The return of a skeleton-crew Parliament to pass new emergency fiscal measures is already proving to be a more interesting notion than it might have been, but also a more frustrating one. There are egos cropping up in the frame, and rumours of somewhat alarming measures being proposed from the government (and promptly being leaked to the media, because a fight over Parliamentary privilege is exactly what the country needs right now) are making it all a fraught situation. Suffice to say, nobody is handling what should be a fairly painless situation very well at all.
For starters, political leaders who were across the country have ignored the advice to stay home in order to ensure that they are back in Ottawa for the Skeleton Parliament. While quorum is 20 MPs including the Speaker, we'll have 32 or 33 MPs present, which is about eleven or twelve too many for the purposes especially as the Conservative seem to have insisted on ensuring that they have regionally-appropriate MPs in place rather than simply relying on geographically-close MPs to conduct business on their behalf (though calling Tim Uppal regionally appropriate is a bit cute, given that he has lived in Ottawa for years and not his Edmonton riding). Even more to the point, the Conservatives, great stewards of the public purse and scolds of government waste, extracted the promise that Andrew Scheer, Candice Bergen, and Senator Don Plett had to be shuttled to Ottawa on government or RCAF aircraft. Jagmeet Singh also travelled from Burnaby to Ottawa for the event, because why model the good behaviour of staying home that they're telling everyone else to listen to?
I am particularly concerned that this move to ensure that these leaders are in Ottawa is for the sheer optics of the situation that they felt the need to be on the cameras in the Chamber to look magnanimous on behalf of their parties when it comes to supporting necessary fiscal measures to help Canadians as the economy stalls over the pandemic, rather than letting any of their more local backbenchers take any of that glory. That kind of ego is part of the problem with how parties have devolved into cults of personality, where the leader must be seen at the forefront of everything especially if they think there is some kind of reflected glory to be had. That they contravened the public messaging to stay at home in order to be sure that they got any spotlight over the handling of the pandemic and accompanying economic crisis is a signal of just how far things have degenerated in the operation of our system.
As if this wasn't bad enough, the reporting on Monday evening of the proposals being floated by the government around their emergency bailout legislation are that it would include some clearly unconstitutional measures that would essentially make taxation a delegated authority until December 2021 something that goes against how Westminster parliaments have functioned since 1689. And while I have no doubt that this was meant innocently giving Bill Morneau maximum flexibility in combatting the economic downturn without the need to recall another Skeleton Parliament within a week or two it clearly is not kosher. Also reportedly in those proposals was unlimited borrowing authority which has been a particular bugaboo of mine after the Liberals weaselled out on their promise to restore borrowing authority to the Commons after the Conservatives sneakily delegated it to Cabinet as part of one of their omnibus budget implementation bills. Instead of restoring that power, they instead instituted a debt ceiling that they would only seek authority to borrow more from the Commons if they surpassed that. Given how much borrowed money they will need as part of their fiscal aid package, they are no doubt looking to remove this self-imposed limitation, fully breaking the promise they once stood for.
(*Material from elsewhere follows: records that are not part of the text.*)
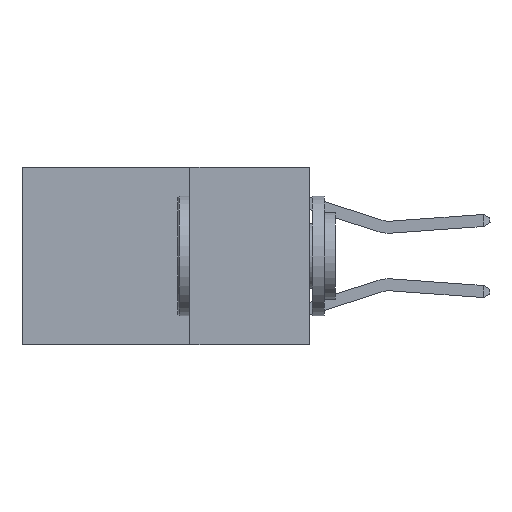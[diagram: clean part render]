
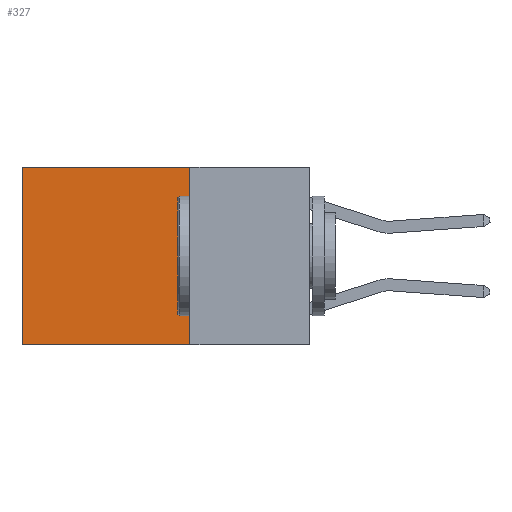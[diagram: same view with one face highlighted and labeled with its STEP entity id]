
A CAD part, left-side view. The second image highlights one B-rep face of the part: STEP entity #327.
In plain terms, the highlighted planar face has unit normal (-1, 0, 0).
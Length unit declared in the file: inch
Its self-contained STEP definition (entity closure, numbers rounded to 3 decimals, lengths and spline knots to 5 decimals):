
#234 = ORIENTED_EDGE ( 'NONE', *, *, #8765, .F. ) ;
#327 = ADVANCED_FACE ( 'NONE', ( #2697 ), #6227, .F. ) ;
#622 = LINE ( 'NONE', #710, #3151 ) ;
#710 = CARTESIAN_POINT ( 'NONE',  ( 0.2625, 0.6, 0. ) ) ;
#760 = DIRECTION ( 'NONE',  ( 0., 0., -1. ) ) ;
#948 = DIRECTION ( 'NONE',  ( 0., 1., 0. ) ) ;
#1074 = EDGE_CURVE ( 'NONE', #5093, #1241, #6077, .T. ) ;
#1091 = DIRECTION ( 'NONE',  ( 0., 0., -1. ) ) ;
#1241 = VERTEX_POINT ( 'NONE', #8677 ) ;
#1323 = CARTESIAN_POINT ( 'NONE',  ( 0.2625, 0.25, 0. ) ) ;
#1395 = CARTESIAN_POINT ( 'NONE',  ( 0.2625, 0.6, 0. ) ) ;
#1787 = DIRECTION ( 'NONE',  ( 0., 1., 0. ) ) ;
#2399 = VECTOR ( 'NONE', #1787, 39.37008 ) ;
#2412 = EDGE_LOOP ( 'NONE', ( #8204, #234, #11123, #3491 ) ) ;
#2468 = VECTOR ( 'NONE', #948, 39.37008 ) ;
#2697 = FACE_OUTER_BOUND ( 'NONE', #2412, .T. ) ;
#3151 = VECTOR ( 'NONE', #760, 39.37008 ) ;
#3426 = VECTOR ( 'NONE', #1091, 39.37008 ) ;
#3491 = ORIENTED_EDGE ( 'NONE', *, *, #4166, .T. ) ;
#4166 = EDGE_CURVE ( 'NONE', #5093, #9927, #5080, .T. ) ;
#4969 = CARTESIAN_POINT ( 'NONE',  ( 0.2625, 0.25, 0. ) ) ;
#5080 = LINE ( 'NONE', #7854, #2399 ) ;
#5093 = VERTEX_POINT ( 'NONE', #4969 ) ;
#5868 = EDGE_CURVE ( 'NONE', #9927, #6843, #622, .T. ) ;
#5947 = DIRECTION ( 'NONE',  ( 0., 0., -1. ) ) ;
#6077 = LINE ( 'NONE', #1323, #3426 ) ;
#6183 = DIRECTION ( 'NONE',  ( 1., 0., 0. ) ) ;
#6227 = PLANE ( 'NONE',  #11487 ) ;
#6261 = CARTESIAN_POINT ( 'NONE',  ( 0.2625, 0.25, 0. ) ) ;
#6843 = VERTEX_POINT ( 'NONE', #6992 ) ;
#6992 = CARTESIAN_POINT ( 'NONE',  ( 0.2625, 0.6, -0.37 ) ) ;
#7077 = CARTESIAN_POINT ( 'NONE',  ( 0.2625, 0.25, -0.37 ) ) ;
#7854 = CARTESIAN_POINT ( 'NONE',  ( 0.2625, 0.25, 0. ) ) ;
#8204 = ORIENTED_EDGE ( 'NONE', *, *, #5868, .T. ) ;
#8677 = CARTESIAN_POINT ( 'NONE',  ( 0.2625, 0.25, -0.37 ) ) ;
#8765 = EDGE_CURVE ( 'NONE', #1241, #6843, #12693, .T. ) ;
#9927 = VERTEX_POINT ( 'NONE', #1395 ) ;
#11123 = ORIENTED_EDGE ( 'NONE', *, *, #1074, .F. ) ;
#11487 = AXIS2_PLACEMENT_3D ( 'NONE', #6261, #6183, #5947 ) ;
#12693 = LINE ( 'NONE', #7077, #2468 ) ;

If anything, this bout of hubris is a result of the other parties being all too willing to suspend Parliament for the duration of the pandemic rather than taking more reasonable precautions and keeping some ongoing oversight in a more continuous Skeleton Parliament rather than the big show of recalling it to pass more sweeping measures in one fell swoop really, the only way to pass legislation quickly, because of the rules around how so many sitting days need to pass between various stages of the bill being adopted. Looking for a blank cheque in the face of a crisis is basically just saying "We only wanted to ensure that we didn't need to recall you every few weeks," and "it would just be a really big bother," rather than you know, ensuring that the lights are still on in Parliament and that the job of ensuring things like scrutiny and oversight, and accountability are still being practiced rather than shrugged off because it's inconvenient to have MPs in Ottawa. And to be perfectly frank, it's utterly in keeping with this government to float an untenable idea and blowing up all of the goodwill they've accumulated because they cluelessly overreached. (That said, I also have to wonder whether anyone in the PMO or Morneau's office scooped up some of Senator Peter Harder's more "brilliant" staffers who advised him to do boneheaded things like declare procedural warfare only to be forced to walk it back immediately).
No doubt that by the time the final version of the bill is tabled in the Skeleton Parliament, the more contentious aspects will have been negotiated away and the fiscal aid package will breeze through Parliament perhaps with a few more harsh and performative words from Scheer and maybe Singh but the point remains that suspending Parliament is looking increasingly like a dumb move that didn't actually make things any more expedient, and possibly only made things worse in the longer term. Parliament matters, and it seems that this government just inadvertently proved that yet again because they can't help themselves. So let's keep this Skeleton Parliament rolling rather than risk another of these incidents.